Zwölf Tage und Nächte lang mussten die Helden das Schiff auf dem Rücken durch die Dünen der libyschen Wüste tragen und vollbrachten so „unter dem Zwang der Not eine ungeheure Leistung“. Anschließend setzten sie das Schiff in den Gewässern des Triton-Sees ab.
Wenn der Suchende den unwiderruflichen Entschluss gefasst hat, das von seiner Seele gesetzte Ziel zu erreichen, tritt er in einen Bereich innerer Turbulenzen ein, die durch seine Askese hervorgerufen werden (ein Sturm der Boreas). Fernab von weltlichen Interessen, frei von vielen seiner Überzeugungen und Stützen, aber ohne jede Klarheit über seinen Weg, befindet er sich in dieser Zeit in einer unbequemen und unglücklichen Lage, als ob er sowohl vom Göttlichen als auch von seinen Mitmenschen verlassen wäre.
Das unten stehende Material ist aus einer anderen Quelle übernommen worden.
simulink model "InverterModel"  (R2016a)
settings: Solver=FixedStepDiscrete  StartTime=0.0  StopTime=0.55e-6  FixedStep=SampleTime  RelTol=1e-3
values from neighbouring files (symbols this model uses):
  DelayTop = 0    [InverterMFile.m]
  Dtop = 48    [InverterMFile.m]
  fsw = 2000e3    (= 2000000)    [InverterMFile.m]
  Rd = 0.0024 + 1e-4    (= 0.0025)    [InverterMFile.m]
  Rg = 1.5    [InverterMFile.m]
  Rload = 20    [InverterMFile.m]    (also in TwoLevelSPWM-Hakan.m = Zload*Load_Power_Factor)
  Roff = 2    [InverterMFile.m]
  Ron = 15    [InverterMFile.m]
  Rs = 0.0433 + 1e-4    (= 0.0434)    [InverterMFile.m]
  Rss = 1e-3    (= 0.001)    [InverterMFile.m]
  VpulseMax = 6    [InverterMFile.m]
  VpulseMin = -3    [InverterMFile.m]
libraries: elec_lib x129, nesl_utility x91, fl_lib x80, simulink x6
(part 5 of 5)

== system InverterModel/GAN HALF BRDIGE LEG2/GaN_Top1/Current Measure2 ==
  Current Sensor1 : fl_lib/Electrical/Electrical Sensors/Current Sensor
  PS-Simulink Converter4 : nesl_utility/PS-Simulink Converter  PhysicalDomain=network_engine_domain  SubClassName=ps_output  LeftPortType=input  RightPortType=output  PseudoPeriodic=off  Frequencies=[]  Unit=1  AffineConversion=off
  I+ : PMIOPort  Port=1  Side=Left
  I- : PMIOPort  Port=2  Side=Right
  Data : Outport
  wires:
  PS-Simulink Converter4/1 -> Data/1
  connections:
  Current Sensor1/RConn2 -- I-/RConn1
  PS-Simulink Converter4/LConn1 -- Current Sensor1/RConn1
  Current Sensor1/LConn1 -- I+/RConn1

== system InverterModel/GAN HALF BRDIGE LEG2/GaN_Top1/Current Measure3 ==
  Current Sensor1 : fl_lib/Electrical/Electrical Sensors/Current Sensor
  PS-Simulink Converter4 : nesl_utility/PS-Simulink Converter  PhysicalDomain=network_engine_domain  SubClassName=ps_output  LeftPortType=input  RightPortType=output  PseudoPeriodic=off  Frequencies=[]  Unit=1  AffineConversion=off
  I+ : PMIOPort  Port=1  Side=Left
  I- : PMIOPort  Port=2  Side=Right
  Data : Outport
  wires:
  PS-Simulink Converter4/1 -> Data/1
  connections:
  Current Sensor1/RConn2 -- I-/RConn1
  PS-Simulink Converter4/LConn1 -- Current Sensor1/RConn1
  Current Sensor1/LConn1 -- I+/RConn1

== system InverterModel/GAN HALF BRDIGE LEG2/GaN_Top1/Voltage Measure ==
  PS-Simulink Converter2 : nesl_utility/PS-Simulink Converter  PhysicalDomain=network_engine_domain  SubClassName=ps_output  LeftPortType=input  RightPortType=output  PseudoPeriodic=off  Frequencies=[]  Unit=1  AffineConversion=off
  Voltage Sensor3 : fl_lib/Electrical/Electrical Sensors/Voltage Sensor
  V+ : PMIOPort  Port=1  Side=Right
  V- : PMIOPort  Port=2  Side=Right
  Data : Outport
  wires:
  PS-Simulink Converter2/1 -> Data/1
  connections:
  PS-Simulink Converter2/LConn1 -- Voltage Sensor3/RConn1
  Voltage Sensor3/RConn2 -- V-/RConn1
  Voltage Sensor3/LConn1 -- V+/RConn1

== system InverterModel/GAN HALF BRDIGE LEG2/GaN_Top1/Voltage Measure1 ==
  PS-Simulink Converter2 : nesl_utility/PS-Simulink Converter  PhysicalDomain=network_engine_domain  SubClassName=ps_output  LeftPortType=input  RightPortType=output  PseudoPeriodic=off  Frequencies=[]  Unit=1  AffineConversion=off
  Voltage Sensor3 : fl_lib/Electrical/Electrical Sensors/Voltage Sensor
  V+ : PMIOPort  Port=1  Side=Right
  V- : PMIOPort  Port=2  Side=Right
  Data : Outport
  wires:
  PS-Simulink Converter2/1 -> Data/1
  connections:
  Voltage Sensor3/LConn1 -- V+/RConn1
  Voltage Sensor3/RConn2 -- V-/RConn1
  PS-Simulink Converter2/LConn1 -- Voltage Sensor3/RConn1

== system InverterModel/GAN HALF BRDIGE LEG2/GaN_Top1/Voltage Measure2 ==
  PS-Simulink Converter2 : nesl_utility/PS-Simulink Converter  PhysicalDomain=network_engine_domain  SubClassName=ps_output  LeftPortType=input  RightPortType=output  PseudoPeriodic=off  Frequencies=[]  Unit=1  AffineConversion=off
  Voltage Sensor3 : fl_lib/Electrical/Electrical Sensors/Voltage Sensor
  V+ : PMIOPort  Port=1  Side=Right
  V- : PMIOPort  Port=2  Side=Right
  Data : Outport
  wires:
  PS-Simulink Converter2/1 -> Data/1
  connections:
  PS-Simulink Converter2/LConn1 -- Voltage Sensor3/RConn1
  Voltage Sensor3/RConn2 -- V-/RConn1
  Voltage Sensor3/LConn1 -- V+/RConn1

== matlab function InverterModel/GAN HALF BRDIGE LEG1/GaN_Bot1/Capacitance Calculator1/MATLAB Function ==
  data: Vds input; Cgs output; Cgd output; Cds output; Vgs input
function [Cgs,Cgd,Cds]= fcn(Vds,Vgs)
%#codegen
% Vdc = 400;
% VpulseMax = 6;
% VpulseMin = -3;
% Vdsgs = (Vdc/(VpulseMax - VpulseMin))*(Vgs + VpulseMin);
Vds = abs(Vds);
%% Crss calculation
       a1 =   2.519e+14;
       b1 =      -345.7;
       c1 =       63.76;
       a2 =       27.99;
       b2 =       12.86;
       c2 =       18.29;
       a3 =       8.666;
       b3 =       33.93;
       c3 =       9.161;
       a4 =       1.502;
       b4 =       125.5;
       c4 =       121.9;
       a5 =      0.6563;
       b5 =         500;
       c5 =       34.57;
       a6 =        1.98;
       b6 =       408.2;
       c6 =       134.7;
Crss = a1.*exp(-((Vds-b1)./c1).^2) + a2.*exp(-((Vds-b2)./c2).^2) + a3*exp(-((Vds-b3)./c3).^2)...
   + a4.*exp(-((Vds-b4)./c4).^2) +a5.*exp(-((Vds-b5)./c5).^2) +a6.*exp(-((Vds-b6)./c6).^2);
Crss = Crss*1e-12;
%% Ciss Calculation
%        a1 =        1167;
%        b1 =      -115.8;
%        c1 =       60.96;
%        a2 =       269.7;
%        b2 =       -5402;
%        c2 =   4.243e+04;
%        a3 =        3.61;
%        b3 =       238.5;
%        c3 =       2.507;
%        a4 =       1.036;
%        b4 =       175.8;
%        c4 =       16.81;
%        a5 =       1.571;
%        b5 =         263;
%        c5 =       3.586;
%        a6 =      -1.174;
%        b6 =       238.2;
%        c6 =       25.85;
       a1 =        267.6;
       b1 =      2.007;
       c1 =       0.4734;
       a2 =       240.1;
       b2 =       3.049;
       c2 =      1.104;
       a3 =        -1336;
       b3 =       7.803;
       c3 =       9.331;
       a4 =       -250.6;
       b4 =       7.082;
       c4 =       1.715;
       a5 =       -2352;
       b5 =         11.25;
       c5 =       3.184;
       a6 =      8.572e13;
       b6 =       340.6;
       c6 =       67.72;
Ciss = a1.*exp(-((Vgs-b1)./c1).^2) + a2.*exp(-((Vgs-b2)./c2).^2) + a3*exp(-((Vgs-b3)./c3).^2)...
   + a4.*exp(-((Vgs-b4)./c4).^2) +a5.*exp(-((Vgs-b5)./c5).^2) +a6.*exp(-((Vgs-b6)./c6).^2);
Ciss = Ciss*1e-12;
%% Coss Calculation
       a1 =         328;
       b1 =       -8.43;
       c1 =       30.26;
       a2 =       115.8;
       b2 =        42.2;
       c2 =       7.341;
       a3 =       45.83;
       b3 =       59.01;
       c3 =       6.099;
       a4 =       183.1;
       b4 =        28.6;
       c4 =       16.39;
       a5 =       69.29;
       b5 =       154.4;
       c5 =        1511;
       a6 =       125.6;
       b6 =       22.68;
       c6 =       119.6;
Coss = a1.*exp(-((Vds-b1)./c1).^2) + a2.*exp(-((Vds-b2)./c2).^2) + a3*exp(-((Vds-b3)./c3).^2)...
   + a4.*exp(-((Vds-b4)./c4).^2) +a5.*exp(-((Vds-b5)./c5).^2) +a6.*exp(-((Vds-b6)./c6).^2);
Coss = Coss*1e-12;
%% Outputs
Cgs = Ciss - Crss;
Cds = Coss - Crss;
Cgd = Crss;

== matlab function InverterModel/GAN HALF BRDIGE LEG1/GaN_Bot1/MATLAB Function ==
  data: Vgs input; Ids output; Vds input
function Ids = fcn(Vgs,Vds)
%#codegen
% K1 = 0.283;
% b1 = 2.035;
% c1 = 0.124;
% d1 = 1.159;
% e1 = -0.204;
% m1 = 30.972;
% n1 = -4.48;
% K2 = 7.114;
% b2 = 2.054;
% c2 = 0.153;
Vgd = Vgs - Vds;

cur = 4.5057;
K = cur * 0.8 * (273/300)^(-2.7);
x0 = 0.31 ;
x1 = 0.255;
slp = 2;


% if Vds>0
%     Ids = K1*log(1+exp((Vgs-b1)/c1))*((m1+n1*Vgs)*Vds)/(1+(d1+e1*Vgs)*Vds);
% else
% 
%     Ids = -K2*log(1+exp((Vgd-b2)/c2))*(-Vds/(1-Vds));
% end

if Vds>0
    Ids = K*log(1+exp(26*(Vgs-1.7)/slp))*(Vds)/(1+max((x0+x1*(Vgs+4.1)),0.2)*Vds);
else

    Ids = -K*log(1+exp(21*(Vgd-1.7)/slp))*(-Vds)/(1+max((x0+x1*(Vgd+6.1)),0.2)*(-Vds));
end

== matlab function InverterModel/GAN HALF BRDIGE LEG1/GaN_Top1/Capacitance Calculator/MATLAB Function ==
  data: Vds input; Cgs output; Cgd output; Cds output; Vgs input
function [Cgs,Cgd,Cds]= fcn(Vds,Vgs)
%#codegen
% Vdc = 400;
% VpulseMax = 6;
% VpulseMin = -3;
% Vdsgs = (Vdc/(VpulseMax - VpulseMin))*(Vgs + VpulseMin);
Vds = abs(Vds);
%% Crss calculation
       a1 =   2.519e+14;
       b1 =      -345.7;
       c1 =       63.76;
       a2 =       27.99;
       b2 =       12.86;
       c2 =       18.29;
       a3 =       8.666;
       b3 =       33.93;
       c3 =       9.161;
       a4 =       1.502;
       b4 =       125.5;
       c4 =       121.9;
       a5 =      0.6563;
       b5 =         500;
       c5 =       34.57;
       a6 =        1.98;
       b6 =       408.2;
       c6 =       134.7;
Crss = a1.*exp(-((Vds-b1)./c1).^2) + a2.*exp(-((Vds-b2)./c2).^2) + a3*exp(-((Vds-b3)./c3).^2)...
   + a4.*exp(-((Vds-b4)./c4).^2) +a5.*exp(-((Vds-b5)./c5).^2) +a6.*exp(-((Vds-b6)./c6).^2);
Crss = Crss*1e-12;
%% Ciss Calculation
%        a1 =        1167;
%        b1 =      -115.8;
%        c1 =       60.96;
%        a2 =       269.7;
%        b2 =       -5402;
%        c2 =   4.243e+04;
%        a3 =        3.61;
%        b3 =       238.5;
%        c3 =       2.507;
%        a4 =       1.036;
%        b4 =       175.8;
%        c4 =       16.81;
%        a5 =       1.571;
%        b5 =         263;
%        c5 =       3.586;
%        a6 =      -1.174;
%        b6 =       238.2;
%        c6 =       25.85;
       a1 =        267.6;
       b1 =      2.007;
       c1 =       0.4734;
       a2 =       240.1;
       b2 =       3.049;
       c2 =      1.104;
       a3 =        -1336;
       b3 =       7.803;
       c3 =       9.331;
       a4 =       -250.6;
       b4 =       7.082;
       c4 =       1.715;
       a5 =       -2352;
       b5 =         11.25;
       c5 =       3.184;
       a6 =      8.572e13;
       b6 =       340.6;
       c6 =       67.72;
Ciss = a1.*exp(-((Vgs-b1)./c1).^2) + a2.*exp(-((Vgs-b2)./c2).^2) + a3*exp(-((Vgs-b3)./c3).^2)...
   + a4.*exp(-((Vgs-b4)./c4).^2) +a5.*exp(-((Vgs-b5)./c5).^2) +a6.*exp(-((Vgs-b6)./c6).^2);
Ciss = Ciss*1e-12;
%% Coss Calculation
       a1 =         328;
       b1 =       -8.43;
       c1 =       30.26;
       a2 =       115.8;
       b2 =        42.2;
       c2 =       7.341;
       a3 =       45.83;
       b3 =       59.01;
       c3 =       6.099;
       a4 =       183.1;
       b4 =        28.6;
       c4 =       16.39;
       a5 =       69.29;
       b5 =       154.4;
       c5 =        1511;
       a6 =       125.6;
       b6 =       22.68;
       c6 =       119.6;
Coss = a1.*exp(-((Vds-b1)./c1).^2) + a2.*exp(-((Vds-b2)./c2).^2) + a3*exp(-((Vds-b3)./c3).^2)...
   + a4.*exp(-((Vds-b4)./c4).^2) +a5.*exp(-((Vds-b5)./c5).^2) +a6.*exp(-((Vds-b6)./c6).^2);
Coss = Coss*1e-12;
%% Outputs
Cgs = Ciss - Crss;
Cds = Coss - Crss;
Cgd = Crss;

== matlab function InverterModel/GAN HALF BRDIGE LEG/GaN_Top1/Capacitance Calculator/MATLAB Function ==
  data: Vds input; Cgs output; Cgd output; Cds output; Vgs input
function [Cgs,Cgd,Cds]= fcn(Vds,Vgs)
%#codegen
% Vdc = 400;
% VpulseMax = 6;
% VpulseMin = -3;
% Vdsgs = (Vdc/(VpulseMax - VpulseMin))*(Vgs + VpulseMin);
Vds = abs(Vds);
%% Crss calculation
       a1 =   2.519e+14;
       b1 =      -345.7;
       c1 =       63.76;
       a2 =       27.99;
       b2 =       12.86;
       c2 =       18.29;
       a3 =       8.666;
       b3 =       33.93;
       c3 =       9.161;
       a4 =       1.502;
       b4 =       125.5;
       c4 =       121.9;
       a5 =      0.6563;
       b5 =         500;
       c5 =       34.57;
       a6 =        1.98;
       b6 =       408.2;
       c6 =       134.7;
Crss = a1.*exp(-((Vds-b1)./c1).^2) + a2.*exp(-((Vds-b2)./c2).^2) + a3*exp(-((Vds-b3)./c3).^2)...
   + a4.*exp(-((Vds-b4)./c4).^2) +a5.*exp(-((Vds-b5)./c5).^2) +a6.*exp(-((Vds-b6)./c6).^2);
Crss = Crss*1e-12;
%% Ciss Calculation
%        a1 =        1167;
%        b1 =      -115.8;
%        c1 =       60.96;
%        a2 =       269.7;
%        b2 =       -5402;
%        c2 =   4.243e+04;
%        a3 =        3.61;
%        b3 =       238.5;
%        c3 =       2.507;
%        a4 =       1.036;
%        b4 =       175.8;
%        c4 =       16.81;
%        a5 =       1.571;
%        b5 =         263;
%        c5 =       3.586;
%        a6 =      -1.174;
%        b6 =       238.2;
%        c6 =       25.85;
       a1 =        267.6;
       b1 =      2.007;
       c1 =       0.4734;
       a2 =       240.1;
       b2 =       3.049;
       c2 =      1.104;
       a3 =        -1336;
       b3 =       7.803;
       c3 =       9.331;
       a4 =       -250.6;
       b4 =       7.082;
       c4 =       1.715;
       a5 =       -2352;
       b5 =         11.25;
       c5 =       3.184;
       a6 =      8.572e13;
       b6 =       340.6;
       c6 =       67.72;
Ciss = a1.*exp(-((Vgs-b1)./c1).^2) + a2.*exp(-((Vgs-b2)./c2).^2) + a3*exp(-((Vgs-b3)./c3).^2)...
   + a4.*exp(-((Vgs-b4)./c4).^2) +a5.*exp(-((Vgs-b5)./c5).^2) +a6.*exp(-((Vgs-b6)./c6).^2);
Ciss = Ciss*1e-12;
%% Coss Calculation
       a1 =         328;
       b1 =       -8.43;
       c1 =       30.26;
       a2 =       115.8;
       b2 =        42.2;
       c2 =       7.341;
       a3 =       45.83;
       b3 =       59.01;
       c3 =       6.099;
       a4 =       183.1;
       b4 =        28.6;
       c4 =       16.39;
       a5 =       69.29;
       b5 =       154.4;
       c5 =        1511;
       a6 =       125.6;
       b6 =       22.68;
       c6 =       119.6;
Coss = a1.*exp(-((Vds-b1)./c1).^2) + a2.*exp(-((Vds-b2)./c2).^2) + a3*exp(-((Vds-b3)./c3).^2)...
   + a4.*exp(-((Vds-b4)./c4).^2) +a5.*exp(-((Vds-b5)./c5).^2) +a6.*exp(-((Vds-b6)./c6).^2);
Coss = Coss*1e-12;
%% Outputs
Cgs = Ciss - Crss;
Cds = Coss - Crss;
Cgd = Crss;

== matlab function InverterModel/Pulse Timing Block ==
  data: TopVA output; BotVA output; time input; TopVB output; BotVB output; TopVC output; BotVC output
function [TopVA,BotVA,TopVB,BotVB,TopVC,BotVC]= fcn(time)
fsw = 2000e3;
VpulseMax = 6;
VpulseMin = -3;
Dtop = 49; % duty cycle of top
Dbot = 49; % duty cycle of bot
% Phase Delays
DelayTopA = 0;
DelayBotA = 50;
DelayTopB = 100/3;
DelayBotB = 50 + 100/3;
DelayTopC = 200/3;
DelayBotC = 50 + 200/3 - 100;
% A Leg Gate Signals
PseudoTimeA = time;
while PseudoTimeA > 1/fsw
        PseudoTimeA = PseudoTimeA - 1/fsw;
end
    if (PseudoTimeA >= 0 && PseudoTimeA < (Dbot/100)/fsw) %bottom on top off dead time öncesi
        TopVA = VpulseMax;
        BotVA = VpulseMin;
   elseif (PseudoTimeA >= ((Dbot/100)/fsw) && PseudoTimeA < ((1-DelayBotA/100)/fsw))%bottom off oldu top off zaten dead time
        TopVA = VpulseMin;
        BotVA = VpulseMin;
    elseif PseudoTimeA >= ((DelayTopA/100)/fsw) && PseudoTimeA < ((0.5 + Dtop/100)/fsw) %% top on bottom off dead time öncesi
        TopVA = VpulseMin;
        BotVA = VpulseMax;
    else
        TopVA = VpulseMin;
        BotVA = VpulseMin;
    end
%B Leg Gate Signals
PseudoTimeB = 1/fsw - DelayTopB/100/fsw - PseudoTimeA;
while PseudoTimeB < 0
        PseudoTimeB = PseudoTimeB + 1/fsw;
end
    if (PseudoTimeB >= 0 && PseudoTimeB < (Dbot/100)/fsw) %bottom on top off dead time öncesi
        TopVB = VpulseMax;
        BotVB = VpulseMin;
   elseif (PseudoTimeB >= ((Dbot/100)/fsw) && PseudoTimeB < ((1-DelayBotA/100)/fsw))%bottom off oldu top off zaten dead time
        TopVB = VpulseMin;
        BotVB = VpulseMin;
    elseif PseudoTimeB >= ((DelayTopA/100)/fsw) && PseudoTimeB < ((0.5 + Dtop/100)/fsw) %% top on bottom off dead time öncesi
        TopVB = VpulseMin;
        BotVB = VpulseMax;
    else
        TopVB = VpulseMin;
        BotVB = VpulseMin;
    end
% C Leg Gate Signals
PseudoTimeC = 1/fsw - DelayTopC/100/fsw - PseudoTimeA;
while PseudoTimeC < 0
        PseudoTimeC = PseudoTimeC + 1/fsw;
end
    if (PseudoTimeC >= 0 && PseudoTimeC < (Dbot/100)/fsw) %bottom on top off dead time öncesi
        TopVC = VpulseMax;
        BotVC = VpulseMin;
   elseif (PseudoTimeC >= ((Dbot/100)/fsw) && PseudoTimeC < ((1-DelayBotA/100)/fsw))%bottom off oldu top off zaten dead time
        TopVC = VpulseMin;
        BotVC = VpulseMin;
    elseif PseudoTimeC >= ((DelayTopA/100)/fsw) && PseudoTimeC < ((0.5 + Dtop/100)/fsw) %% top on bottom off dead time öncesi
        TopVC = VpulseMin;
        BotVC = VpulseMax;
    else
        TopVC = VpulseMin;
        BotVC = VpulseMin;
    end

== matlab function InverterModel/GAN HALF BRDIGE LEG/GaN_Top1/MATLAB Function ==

Er hat das Gefühl, dass er sowohl sein Leben verloren hat als auch auf seiner Suche vom Weg abgekommen ist. Er hat, so glaubt er, seine alten Träume aufgegeben und wird nur noch von seiner inneren Flamme getragen.
Dies ist jedoch eine Zeit der Läuterung, denn das Schiff der Argonauten ist im Golf von Syrtis, dem „Reinigenden“, auf Grund gelaufen. Die Mystiker beschreiben diese Prüfungen, denen man auf dem Weg mehrmals begegnet, als „spirituelle Nächte“, Zeiten der Dürre für die Sinne und für die Seele (menschenleere Sandflächen), oft verbunden mit einem starken vitalen Unbehagen (die Sümpfe) und ohne die vorher bekannten „göttlichen Tröstungen“.
Doch nach einiger Zeit erahnt der Suchende den Ausweg und wird von Mächten, die sich in der Einsamkeit manifestieren, die Freiheitsprozesse schützen und um alle vergangenen Prüfungen des Suchenden wissen (die Schutzgöttinnen Libyens, „die glorreichen Göttinnen der Einsamkeit“), vor einem kommenden Signal gewarnt. Große Kraft wird ihm zuteil, wenn er die Fähigkeit besitzt, die Wahrheiten des Geistes „das Pferd mit der goldenen Mähne“ richtig zu erkennen. Aber der Suchende versteht nichts von dem, was zu ihm gesagt wird.
Dann beginnt eine ziemlich heikle Reifungsphase, die endlos zu sein scheint, symbolische zwölf Tage und zwölf Nächte, in denen das „Fahrzeug“ (Körper, Lebenskraft, Geist) eine Schwächephase durchmacht und von den inneren Kräften, die auf der Suche sind, gestützt werden muss (die Helden müssen das Schiff tragen). Die Persönlichkeit, die normalerweise die Suche „unterstützt“, hat aufgegeben und ist zu diesem Zeitpunkt nicht mehr funktionsfähig.